(Dataset items)
════════════════════

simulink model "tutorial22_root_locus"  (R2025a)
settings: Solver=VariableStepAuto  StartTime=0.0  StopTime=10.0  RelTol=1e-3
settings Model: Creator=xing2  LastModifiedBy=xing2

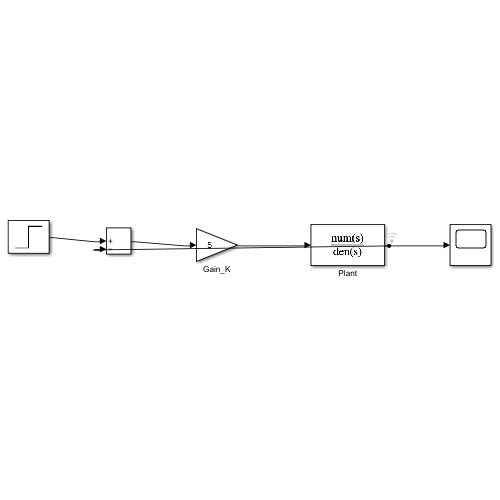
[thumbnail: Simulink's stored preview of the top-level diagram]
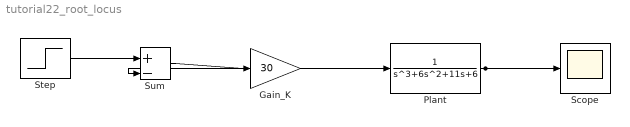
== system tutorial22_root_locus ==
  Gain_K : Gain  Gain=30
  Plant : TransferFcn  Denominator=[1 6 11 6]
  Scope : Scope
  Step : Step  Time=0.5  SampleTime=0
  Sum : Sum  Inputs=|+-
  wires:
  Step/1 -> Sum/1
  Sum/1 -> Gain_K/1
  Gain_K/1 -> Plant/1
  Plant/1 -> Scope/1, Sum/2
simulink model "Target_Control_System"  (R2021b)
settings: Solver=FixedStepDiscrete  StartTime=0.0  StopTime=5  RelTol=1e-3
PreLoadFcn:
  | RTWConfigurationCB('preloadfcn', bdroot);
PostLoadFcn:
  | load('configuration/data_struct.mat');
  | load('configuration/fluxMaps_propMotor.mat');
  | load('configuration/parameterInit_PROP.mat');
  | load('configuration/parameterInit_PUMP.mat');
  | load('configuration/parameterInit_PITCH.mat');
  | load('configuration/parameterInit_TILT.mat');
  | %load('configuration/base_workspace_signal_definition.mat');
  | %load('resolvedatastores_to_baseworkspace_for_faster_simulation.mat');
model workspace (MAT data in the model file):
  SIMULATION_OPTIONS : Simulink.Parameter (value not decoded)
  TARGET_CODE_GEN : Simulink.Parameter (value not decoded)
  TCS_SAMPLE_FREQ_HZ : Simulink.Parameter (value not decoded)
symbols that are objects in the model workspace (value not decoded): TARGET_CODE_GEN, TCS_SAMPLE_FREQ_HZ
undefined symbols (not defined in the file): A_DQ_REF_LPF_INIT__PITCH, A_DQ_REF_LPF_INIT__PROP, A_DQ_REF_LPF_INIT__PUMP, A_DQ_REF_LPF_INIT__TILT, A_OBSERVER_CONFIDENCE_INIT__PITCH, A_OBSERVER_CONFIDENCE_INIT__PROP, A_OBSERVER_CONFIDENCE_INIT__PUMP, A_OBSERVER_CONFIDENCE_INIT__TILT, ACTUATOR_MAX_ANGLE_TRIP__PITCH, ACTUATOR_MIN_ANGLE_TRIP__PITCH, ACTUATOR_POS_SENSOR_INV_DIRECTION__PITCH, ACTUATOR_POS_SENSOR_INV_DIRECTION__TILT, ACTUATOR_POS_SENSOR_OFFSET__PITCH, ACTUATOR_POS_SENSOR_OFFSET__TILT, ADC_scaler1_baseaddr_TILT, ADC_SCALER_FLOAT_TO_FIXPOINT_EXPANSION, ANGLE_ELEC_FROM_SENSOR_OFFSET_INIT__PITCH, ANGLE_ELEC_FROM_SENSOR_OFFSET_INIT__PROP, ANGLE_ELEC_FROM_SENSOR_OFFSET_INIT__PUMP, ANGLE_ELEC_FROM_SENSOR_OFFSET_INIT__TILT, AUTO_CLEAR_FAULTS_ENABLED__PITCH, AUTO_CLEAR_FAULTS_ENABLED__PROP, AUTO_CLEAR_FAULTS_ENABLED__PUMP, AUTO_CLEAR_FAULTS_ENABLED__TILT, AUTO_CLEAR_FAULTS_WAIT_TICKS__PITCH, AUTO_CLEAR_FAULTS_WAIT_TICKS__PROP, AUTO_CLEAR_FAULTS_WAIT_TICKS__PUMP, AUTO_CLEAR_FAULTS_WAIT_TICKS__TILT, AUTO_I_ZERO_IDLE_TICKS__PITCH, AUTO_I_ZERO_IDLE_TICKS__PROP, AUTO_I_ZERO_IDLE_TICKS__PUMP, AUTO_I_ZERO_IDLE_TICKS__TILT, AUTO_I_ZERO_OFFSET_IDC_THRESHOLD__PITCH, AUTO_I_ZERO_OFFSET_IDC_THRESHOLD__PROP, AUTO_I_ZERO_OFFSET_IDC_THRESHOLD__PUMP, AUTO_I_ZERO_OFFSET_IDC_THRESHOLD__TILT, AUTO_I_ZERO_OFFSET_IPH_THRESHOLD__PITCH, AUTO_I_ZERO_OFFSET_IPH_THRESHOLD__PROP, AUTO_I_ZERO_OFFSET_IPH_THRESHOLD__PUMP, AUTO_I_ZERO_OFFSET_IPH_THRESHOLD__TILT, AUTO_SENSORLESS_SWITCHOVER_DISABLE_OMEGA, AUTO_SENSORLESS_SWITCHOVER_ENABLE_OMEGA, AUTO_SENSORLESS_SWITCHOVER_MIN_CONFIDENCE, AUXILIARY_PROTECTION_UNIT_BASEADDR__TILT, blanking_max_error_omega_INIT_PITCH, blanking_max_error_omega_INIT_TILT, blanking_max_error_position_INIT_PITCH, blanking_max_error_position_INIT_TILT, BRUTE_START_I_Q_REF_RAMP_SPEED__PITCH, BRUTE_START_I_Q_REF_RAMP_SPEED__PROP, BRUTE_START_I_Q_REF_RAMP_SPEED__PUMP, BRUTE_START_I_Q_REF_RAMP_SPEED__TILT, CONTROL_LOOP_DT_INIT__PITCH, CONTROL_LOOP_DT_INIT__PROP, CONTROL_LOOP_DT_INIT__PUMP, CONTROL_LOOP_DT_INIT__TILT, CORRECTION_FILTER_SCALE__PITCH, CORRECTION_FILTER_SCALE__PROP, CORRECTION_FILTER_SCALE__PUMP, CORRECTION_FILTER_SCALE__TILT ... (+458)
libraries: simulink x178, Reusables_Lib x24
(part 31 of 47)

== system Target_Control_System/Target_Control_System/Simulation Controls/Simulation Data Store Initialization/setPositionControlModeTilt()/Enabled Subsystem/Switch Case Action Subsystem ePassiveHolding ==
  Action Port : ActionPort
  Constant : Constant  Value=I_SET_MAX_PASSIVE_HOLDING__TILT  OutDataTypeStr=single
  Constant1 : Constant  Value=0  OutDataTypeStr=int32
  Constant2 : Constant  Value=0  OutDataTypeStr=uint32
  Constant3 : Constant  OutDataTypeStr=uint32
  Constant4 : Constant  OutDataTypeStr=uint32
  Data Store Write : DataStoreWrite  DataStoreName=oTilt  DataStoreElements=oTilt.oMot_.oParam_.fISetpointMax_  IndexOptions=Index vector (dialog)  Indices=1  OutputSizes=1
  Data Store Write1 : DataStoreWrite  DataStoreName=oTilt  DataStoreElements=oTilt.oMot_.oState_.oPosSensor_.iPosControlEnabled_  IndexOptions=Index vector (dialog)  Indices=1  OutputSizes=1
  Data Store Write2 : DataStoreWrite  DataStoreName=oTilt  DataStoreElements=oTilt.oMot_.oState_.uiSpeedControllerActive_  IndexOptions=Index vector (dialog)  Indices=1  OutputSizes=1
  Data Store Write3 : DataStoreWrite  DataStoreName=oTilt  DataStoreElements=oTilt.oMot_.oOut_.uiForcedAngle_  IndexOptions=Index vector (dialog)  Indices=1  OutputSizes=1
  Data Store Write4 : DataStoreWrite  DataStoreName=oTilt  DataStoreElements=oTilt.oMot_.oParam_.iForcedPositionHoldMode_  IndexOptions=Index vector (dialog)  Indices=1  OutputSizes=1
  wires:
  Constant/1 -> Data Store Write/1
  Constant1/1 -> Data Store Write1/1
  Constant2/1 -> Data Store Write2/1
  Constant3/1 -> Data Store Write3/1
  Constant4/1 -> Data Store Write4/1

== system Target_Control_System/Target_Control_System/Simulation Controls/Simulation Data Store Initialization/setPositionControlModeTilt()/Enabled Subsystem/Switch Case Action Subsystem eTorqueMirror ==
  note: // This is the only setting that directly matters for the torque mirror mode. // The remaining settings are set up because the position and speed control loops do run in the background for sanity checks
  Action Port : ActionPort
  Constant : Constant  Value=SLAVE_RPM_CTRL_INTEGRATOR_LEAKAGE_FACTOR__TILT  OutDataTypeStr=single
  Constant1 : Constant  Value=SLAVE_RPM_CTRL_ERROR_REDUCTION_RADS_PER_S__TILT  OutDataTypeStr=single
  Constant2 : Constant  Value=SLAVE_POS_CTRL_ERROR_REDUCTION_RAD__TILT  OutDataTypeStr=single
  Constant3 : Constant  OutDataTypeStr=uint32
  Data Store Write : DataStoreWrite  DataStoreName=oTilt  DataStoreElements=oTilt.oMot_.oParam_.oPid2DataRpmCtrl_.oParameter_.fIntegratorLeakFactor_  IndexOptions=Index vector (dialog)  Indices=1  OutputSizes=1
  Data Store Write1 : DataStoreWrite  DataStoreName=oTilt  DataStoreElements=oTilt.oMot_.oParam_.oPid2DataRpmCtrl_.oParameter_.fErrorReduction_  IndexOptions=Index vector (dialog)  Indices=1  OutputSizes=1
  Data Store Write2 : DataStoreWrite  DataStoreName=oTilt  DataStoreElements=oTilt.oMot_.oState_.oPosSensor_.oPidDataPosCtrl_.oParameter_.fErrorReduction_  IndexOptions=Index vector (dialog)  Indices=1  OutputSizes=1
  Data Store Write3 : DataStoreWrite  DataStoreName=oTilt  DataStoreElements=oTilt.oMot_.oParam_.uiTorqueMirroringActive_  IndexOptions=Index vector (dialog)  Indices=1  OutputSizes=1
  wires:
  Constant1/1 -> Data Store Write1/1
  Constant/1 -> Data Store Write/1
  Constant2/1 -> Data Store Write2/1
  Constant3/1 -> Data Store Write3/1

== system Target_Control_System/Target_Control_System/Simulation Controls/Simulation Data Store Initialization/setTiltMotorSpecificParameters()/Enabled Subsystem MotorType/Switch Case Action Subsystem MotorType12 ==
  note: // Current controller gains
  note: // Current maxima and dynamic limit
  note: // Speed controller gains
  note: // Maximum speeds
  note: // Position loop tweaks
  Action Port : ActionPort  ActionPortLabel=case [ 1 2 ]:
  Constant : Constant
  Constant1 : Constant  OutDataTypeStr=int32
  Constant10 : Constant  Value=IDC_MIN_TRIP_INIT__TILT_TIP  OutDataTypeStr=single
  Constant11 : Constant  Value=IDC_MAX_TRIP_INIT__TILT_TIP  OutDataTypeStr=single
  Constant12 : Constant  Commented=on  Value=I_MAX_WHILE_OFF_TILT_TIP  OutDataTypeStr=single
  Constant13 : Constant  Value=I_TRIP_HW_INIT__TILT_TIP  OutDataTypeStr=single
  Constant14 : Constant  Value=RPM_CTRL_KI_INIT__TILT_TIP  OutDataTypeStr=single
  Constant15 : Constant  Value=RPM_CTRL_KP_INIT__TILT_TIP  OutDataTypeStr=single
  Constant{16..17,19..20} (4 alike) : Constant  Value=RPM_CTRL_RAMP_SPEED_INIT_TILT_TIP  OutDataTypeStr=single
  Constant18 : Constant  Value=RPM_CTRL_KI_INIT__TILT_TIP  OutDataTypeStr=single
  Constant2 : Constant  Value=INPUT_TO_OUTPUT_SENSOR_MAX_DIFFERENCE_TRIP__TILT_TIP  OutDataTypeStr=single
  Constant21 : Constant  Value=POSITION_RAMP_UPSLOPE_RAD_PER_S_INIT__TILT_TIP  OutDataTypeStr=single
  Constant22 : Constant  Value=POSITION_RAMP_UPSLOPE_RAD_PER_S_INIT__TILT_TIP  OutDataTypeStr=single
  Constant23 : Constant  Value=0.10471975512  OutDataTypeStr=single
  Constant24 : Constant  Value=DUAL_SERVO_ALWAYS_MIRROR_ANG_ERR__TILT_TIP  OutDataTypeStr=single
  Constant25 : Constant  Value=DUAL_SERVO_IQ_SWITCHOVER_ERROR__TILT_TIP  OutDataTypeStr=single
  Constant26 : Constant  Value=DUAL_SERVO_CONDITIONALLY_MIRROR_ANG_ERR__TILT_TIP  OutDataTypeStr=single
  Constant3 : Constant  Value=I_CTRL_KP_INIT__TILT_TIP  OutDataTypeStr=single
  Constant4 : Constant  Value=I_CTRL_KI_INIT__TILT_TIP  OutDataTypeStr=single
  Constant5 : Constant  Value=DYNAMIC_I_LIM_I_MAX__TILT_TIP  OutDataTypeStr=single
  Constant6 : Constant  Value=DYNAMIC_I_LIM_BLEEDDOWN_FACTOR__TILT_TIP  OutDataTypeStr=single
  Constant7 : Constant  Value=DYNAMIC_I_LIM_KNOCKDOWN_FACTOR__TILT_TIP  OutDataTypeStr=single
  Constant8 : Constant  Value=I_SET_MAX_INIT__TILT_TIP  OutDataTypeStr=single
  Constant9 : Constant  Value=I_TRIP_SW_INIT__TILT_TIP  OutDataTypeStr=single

════════════════════

Problem to work on: From the first line above to the line containing "symbols that are", repeat each line exactly. Pictures stay out.

Task solution:
simulink model "tutorial22_root_locus"  (R2025a)
settings: Solver=VariableStepAuto  StartTime=0.0  StopTime=10.0  RelTol=1e-3
settings Model: Creator=xing2  LastModifiedBy=xing2

[thumbnail: Simulink's stored preview of the top-level diagram]
== system tutorial22_root_locus ==
  Gain_K : Gain  Gain=30
  Plant : TransferFcn  Denominator=[1 6 11 6]
  Scope : Scope
  Step : Step  Time=0.5  SampleTime=0
  Sum : Sum  Inputs=|+-
  wires:
  Step/1 -> Sum/1
  Sum/1 -> Gain_K/1
  Gain_K/1 -> Plant/1
  Plant/1 -> Scope/1, Sum/2
simulink model "Target_Control_System"  (R2021b)
settings: Solver=FixedStepDiscrete  StartTime=0.0  StopTime=5  RelTol=1e-3
PreLoadFcn:
  | RTWConfigurationCB('preloadfcn', bdroot);
PostLoadFcn:
  | load('configuration/data_struct.mat');
  | load('configuration/fluxMaps_propMotor.mat');
  | load('configuration/parameterInit_PROP.mat');
  | load('configuration/parameterInit_PUMP.mat');
  | load('configuration/parameterInit_PITCH.mat');
  | load('configuration/parameterInit_TILT.mat');
  | %load('configuration/base_workspace_signal_definition.mat');
  | %load('resolvedatastores_to_baseworkspace_for_faster_simulation.mat');
model workspace (MAT data in the model file):
  SIMULATION_OPTIONS : Simulink.Parameter (value not decoded)
  TARGET_CODE_GEN : Simulink.Parameter (value not decoded)
  TCS_SAMPLE_FREQ_HZ : Simulink.Parameter (value not decoded)
symbols that are objects in the model workspace (value not decoded): TARGET_CODE_GEN, TCS_SAMPLE_FREQ_HZ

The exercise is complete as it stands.